First, let’s remember the definition of a vector or matrix exponential as a power series:

$e^\mathbf{X} = \sum_{k=0}^\infty \frac{1}{k!} \mathbf{X}^k$

Letting $$\mathbf{v}=\mathbf{u}\theta$$ be the rotation vector, representing a rotation of $$\theta$$ radians around the unitary [1] axis $$\mathbf{u}=\begin{bmatrix}u_x & u_y & u_z\end{bmatrix}^T$$, we can get its exponential series as:

$e^\mathbf{v} = e^{\mathbf{u}\theta} = \Big(1 - \frac{\theta^2}{2!} + \frac{\theta^4}{4!} + \cdots\Big) + \Big(\mathbf{u}\theta - \frac{\mathbf{u}\theta^3}{3!} + \frac{\mathbf{u}\theta^5}{5!} + \cdots\Big)$

We recognize the power-series expansion of Euler’s formula, which helps to map the quaternion $$\mathbf{q}$$ from a rotation vector $$\mathbf{v}$$. This exponential map [Sola] is formerly defined as:

$\begin{split}\mathbf{q} = e^\mathbf{v} = \begin{bmatrix}\cos\frac{\theta}{2} \\ \mathbf{u}\sin\frac{\theta}{2}\end{bmatrix}\end{split}$

Accumulating rotation over time in quaternion form is done by integrating the differential equation of $$\mathbf{q}$$ to the rotation rate definition. This constant augmentation is sometimes termed the Attitude Propagation.
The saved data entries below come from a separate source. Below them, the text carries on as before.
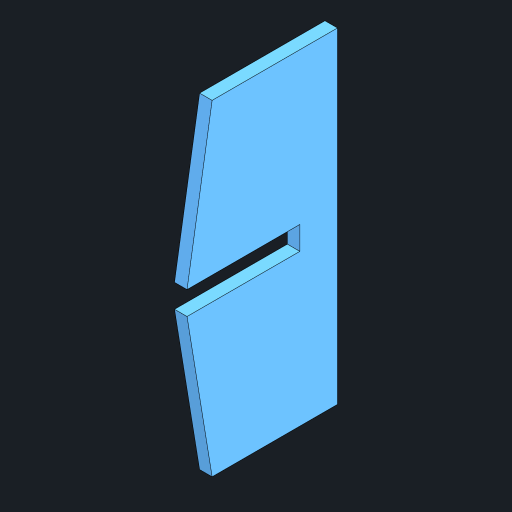
# Autodesk Inventor part: VertWing
Saved by Autodesk Inventor 2023 (Build 270158000, 158)
## iProperties
Created: 2022-06-06
Part Number: VertWing
Material: スタイロフォームIB
Document SubType Name: Modeling
Designer: neko2
Density: 0.027 g/cm^3
Appearance: スタイロフォームIB
Mass: 0.631058 g
Surface Area: 112.411 cm^2
Volume: 23.3725 cm^3
Author: neko2
Autodesk Inventor part; units mm, degrees
ref_plane "YZ Plane" through (0, 0, 0) normal (1, 0, 0) x (0, 1, 0)
ref_plane "XZ Plane" through (0, 0, 0) normal (0, 1, 0) x (-1, 0, 0)
ref_plane "XY Plane" through (0, 0, 0) normal (0, 0, 1) x (1, 0, 0)
sketch "スケッチ1" plane through (0, 0, 0) normal (1, 0, 0) x (0, 1, 0)
  line L0 (0, 0) -> (0, -113.3816)
  line L1 (4.65, 0) -> (65, -10)
  line L2 (65, -10) -> (65, -60)
  line L3 (65, -60) -> (0, -60)
  line L4 (0, 0) -> (0, -30)
  line L5 (0, -60) -> (0, -70)
  line L6 (4.65, 0) -> (4.65, -45)
  line L7 (4.65, -45) -> (0, -45)
  line L8 (-4.65, 0) -> (-65, -10)
  line L9 (-65, -10) -> (-65, -60)
  line L10 (-65, -60) -> (0, -60)
  line L11 (-4.65, 0) -> (-4.65, -45)
  line L12 (-4.65, -45) -> (0, -45)
  dimension "d0" = 4.65
  dimension "d1" = 130
  dimension "d2" = 60
  dimension "d6" = 45
  dimension "d12" = 10
  constraints: 26 end point, 4 point on line, 4 symmetric about line, 3 vertical, 2 perpendicular, 1 horizontal alignment
  measures "d0" horizontal distance of L3.end L1.start
  measures "d1" diameter of L2.end L0
  measures "d2" vertical distance of L0.start L2.end
  measures "d6" distance of L1.start L6.end
  measures "d12" vertical distance of L0.start L1.end
extrude "押し出し1" add sketch "スケッチ1" along normal blind 5

Because exact closed-form solutions of the integration are not available, an approximation method is required. Numerical solutions, however, don’t give a continuous solution for $$\mathbf{q}$$, but a discrete set of values $$\mathbf{q}_t$$, $$n=1,2,\dots$$

In our case, the angular rates are measured by gyroscopes, providing local measurements, $$\boldsymbol\omega(t_n)=\begin{bmatrix}\omega_x&\omega_y&\omega_z\end{bmatrix}^T$$, in rad/s, at discrete times $$t_n = n\Delta t$$ in the local sensor frame. The parameter $$\Delta t$$ is called time step or step size of the numerical integration.

## Quaternion Derivative¶

An orientation is described by $$\mathbf{q} (t+\Delta t)$$ at a time $$t+\Delta t$$. This is after a rotation change $$\Delta\mathbf{q}$$ during $$\Delta t$$ seconds is performed on the local frame [Jia].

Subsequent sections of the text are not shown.